Clear Sky Science · en
EVA-centric QUBO optimization for active and reactive power coordination in DLMP-driven distribution systems
Why your car could help keep the lights on
As electric cars spread across neighborhoods, they are quietly turning into one of the grid’s most powerful tools. Instead of being just another device that plugs in at night, a parked car’s battery and charger can help smooth demand, support local voltage and even earn money for its owner. This paper explores how thousands of electric vehicles, acting together through an aggregator, can be scheduled so that they charge cheaply, steady the grid and prepare for a future where new forms of computing tackle problems too complex for today’s methods.

From lone cars to coordinated swarms
The study focuses on electric vehicle aggregators—companies or platforms that manage charging for large fleets of cars on behalf of drivers. Rather than treating each car as an isolated load, the aggregator groups vehicles with similar arrival times, energy needs and charger sizes into a few clusters. This makes a sprawling problem with 1,000 cars manageable while still respecting when each driver arrives home, how far they must drive tomorrow and how fast their car can charge. These clusters then act like controllable blocks of demand that can be shifted in time or adjusted up and down to help the grid.
A flipped power hierarchy that favors flexibility
Traditionally, the local grid operator tells everyone else what to do: it sets prices and generators and consumers respond. Here, that hierarchy is flipped. The electric vehicle aggregator is treated as the leader in a two-level game, deciding how much charging and voltage support each cluster will provide over the day. The distribution system operator follows, adjusting local generation and network settings in response. Prices known as distribution locational marginal prices capture the true cost of supplying power, including losses and congestion on specific feeders. The aggregator predicts these prices, schedules its fleet accordingly, and then updates its plan as the operator reacts, repeating the process until neither side has an incentive to change.
Turning physics into a puzzle of on–off choices
Coordinating thousands of cars over many time steps is a combinatorial nightmare. The authors recast this challenge as a quadratic unconstrained binary optimization problem, or QUBO, in which continuous decisions—such as power levels and voltages—are discretized into a grid of on–off choices. Clever penalties in the mathematical formulation ensure that physical limits, like charger ratings, energy needs and voltage bounds, are respected. A spectral clustering method, also written in QUBO form, automatically finds well-balanced clusters of vehicles. The resulting binary problems are solved with an enhanced simulated annealing algorithm, a search strategy inspired by how materials cool and settle into low-energy states and well suited to future quantum hardware.

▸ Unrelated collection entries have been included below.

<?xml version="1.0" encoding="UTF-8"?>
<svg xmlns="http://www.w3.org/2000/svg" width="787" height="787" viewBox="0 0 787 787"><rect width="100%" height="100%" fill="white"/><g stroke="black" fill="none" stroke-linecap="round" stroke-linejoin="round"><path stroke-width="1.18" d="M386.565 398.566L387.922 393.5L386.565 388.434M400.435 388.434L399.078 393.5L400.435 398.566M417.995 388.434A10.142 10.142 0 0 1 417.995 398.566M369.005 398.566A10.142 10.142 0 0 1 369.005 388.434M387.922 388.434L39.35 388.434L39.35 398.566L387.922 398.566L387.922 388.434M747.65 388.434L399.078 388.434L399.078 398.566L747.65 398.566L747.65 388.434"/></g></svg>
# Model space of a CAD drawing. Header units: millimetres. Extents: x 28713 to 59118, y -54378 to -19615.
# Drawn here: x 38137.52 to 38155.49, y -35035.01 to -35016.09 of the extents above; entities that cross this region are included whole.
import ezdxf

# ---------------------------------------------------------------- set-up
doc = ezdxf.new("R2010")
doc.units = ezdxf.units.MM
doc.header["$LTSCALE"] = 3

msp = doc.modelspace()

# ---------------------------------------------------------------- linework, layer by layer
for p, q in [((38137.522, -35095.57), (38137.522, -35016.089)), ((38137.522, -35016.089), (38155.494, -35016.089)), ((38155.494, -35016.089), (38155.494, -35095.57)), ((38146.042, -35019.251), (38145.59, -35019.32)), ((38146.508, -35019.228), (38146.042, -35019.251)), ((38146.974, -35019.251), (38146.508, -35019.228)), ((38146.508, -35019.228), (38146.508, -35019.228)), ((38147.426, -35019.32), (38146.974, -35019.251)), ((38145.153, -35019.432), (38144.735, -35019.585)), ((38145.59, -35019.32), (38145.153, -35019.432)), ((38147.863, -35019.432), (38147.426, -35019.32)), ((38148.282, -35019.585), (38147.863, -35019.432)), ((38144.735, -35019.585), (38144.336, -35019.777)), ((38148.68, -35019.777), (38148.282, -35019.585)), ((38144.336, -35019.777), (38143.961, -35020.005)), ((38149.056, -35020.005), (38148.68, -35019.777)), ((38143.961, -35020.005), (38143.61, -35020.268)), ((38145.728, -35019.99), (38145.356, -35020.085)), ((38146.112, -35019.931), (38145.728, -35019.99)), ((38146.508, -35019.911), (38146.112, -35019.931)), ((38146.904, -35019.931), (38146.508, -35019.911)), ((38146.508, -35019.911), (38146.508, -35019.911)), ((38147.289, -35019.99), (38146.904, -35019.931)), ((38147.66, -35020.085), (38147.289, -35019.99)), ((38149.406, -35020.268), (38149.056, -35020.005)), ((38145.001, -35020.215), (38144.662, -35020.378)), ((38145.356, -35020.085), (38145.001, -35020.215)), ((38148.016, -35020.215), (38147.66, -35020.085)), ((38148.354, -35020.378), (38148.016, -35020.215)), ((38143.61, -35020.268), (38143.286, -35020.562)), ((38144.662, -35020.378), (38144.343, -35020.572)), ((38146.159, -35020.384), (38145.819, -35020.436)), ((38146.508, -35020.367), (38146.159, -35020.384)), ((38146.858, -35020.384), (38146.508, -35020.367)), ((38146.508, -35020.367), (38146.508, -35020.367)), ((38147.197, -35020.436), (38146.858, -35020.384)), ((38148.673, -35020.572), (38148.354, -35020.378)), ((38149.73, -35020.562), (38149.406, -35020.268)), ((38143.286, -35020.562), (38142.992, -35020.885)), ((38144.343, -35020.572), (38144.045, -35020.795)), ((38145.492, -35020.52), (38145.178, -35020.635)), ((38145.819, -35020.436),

What happens when 1,000 cars play along
The framework is tested on a standard 33-bus distribution network with 1,000 cars divided into four clusters. When the cars respond only with their active charging power, the grid already benefits from shifted demand. When they also use their chargers to provide reactive power—an invisible but crucial ingredient for holding voltages steady—the gains become striking. Compared with more conventional coordination schemes, total system costs drop by nearly 40 percent, the grid operator’s own costs fall by about a quarter and the aggregator’s energy bill shrinks by three quarters. Power losses on the lines fall by almost 5 percent, voltage deviations improve by roughly 10 percent and minimum voltages at the end of the feeder rise above common quality thresholds.

New earnings for cars and new tools for engineers
Beyond technical gains, the scheme opens a fresh revenue stream: by selling voltage support, the fleet earns over $47 per day in reactive power payments, while still meeting 100 percent of drivers’ energy needs and maintaining a customer satisfaction index near 99 percent. Compared with popular search methods such as particle swarm and genetic algorithms, the QUBO approach is slower but scales more gracefully to very large problems and works efficiently with modern commercial solvers. Because QUBO is also the native language of many emerging quantum computers, the authors argue that their framework can reap immediate benefits on today’s machines while being ready to exploit tomorrow’s quantum speedups as grid electrification and renewable deployment continue to grow.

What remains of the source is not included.